**Assigned task:** Using the data below, report how many lines hold the word "ezdxf". Include nothing else in the reply.
++++++++++
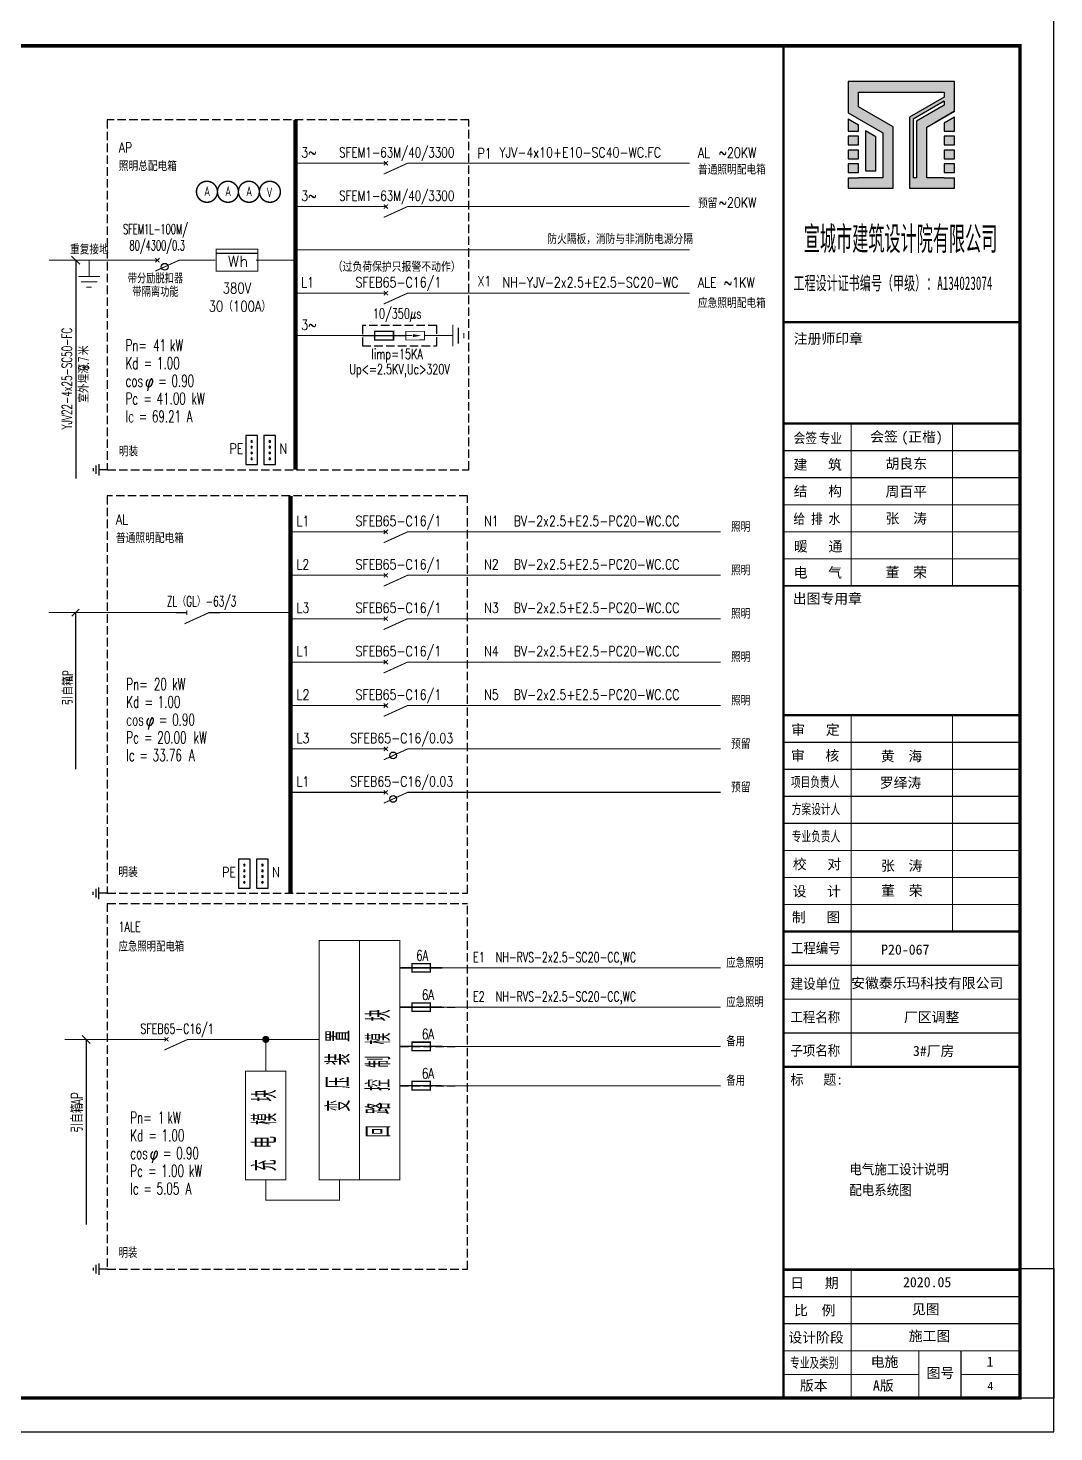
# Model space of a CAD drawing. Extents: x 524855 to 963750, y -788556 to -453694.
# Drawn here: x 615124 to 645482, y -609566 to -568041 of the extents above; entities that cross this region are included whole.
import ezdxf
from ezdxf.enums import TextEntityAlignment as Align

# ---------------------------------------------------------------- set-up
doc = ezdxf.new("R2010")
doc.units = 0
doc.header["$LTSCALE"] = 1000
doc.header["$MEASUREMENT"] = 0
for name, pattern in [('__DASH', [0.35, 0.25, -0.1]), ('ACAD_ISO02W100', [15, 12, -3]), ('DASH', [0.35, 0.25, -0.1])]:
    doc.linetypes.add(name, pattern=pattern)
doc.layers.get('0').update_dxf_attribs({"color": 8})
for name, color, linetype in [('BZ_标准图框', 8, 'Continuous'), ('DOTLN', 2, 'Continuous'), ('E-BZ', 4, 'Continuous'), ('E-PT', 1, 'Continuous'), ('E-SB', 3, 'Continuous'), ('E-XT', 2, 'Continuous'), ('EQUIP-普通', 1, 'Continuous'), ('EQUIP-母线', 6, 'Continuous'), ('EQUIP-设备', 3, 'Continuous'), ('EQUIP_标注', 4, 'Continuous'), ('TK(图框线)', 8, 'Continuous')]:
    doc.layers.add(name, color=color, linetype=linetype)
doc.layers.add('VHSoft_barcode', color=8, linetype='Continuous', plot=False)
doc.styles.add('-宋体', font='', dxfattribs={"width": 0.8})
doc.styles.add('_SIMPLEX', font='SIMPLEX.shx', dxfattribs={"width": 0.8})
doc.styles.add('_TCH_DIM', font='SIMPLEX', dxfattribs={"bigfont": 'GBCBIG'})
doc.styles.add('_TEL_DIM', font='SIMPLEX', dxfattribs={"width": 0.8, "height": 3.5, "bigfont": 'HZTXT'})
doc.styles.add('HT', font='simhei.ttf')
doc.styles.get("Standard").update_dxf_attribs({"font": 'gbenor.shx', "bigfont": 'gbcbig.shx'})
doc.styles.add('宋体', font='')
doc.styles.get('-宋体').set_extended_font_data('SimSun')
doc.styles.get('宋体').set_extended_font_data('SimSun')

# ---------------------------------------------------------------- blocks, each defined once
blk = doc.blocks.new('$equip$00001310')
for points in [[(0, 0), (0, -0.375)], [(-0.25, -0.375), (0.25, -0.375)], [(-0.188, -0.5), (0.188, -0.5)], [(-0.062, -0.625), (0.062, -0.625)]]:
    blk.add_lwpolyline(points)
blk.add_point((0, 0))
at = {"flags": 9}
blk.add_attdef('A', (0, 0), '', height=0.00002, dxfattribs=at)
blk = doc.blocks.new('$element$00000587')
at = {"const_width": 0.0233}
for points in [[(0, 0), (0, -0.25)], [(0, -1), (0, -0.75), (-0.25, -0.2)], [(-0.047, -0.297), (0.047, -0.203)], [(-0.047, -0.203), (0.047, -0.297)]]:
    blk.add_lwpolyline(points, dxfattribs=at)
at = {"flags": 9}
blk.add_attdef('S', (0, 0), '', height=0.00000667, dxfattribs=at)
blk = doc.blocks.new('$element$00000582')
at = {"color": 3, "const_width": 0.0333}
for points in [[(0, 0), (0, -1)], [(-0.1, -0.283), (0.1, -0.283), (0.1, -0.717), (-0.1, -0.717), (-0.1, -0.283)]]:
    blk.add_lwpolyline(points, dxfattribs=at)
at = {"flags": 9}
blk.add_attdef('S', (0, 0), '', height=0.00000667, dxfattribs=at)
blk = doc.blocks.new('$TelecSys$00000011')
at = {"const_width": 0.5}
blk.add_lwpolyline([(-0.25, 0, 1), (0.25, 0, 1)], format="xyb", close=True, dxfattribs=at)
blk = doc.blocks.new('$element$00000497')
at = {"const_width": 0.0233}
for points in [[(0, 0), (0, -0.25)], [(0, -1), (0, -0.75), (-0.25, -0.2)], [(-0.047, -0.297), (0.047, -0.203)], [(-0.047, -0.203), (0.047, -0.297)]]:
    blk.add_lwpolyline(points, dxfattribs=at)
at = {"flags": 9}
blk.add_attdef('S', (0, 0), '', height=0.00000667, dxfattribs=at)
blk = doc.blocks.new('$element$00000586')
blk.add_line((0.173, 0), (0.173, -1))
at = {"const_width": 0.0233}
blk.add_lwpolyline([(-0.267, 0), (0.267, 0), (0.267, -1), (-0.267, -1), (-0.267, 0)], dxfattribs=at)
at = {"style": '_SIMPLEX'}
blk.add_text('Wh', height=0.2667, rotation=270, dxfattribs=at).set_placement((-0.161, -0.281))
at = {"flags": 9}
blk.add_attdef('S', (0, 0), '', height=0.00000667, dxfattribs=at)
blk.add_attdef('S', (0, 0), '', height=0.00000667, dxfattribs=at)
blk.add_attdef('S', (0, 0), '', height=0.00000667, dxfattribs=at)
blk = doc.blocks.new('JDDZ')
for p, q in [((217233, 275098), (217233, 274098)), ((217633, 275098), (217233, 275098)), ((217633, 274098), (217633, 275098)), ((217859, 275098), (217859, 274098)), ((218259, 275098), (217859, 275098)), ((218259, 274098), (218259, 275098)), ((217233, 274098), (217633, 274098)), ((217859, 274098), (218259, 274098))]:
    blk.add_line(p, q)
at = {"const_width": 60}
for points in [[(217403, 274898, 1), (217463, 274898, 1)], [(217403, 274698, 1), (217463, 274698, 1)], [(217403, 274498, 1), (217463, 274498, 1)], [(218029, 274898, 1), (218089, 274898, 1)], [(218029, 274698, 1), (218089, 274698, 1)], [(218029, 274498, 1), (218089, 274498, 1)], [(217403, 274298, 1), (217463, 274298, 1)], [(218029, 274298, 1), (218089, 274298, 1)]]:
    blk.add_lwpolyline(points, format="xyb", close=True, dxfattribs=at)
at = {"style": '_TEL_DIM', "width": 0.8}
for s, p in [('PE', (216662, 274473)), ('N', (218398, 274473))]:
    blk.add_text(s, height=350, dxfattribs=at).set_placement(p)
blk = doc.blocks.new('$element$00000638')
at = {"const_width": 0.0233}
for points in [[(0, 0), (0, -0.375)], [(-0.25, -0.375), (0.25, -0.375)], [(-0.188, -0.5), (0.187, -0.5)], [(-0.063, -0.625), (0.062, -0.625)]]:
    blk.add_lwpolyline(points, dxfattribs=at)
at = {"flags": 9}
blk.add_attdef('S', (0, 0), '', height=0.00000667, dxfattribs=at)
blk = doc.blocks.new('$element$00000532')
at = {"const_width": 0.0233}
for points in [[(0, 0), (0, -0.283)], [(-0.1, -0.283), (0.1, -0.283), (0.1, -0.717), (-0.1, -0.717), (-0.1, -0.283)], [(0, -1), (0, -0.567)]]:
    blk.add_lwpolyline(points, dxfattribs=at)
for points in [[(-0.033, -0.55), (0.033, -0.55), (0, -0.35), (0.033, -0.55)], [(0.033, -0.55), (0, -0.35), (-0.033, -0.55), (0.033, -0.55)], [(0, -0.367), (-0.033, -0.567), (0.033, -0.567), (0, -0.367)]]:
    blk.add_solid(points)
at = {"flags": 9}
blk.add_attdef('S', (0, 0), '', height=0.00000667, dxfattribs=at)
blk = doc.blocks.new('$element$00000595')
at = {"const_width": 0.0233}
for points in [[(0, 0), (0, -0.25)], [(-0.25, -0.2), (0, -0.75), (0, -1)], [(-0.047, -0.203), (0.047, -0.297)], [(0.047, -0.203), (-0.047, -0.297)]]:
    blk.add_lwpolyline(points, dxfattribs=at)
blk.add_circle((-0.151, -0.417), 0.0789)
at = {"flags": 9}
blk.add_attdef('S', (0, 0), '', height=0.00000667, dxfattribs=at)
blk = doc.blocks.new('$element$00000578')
++++++++++
**Reply to the task:** 3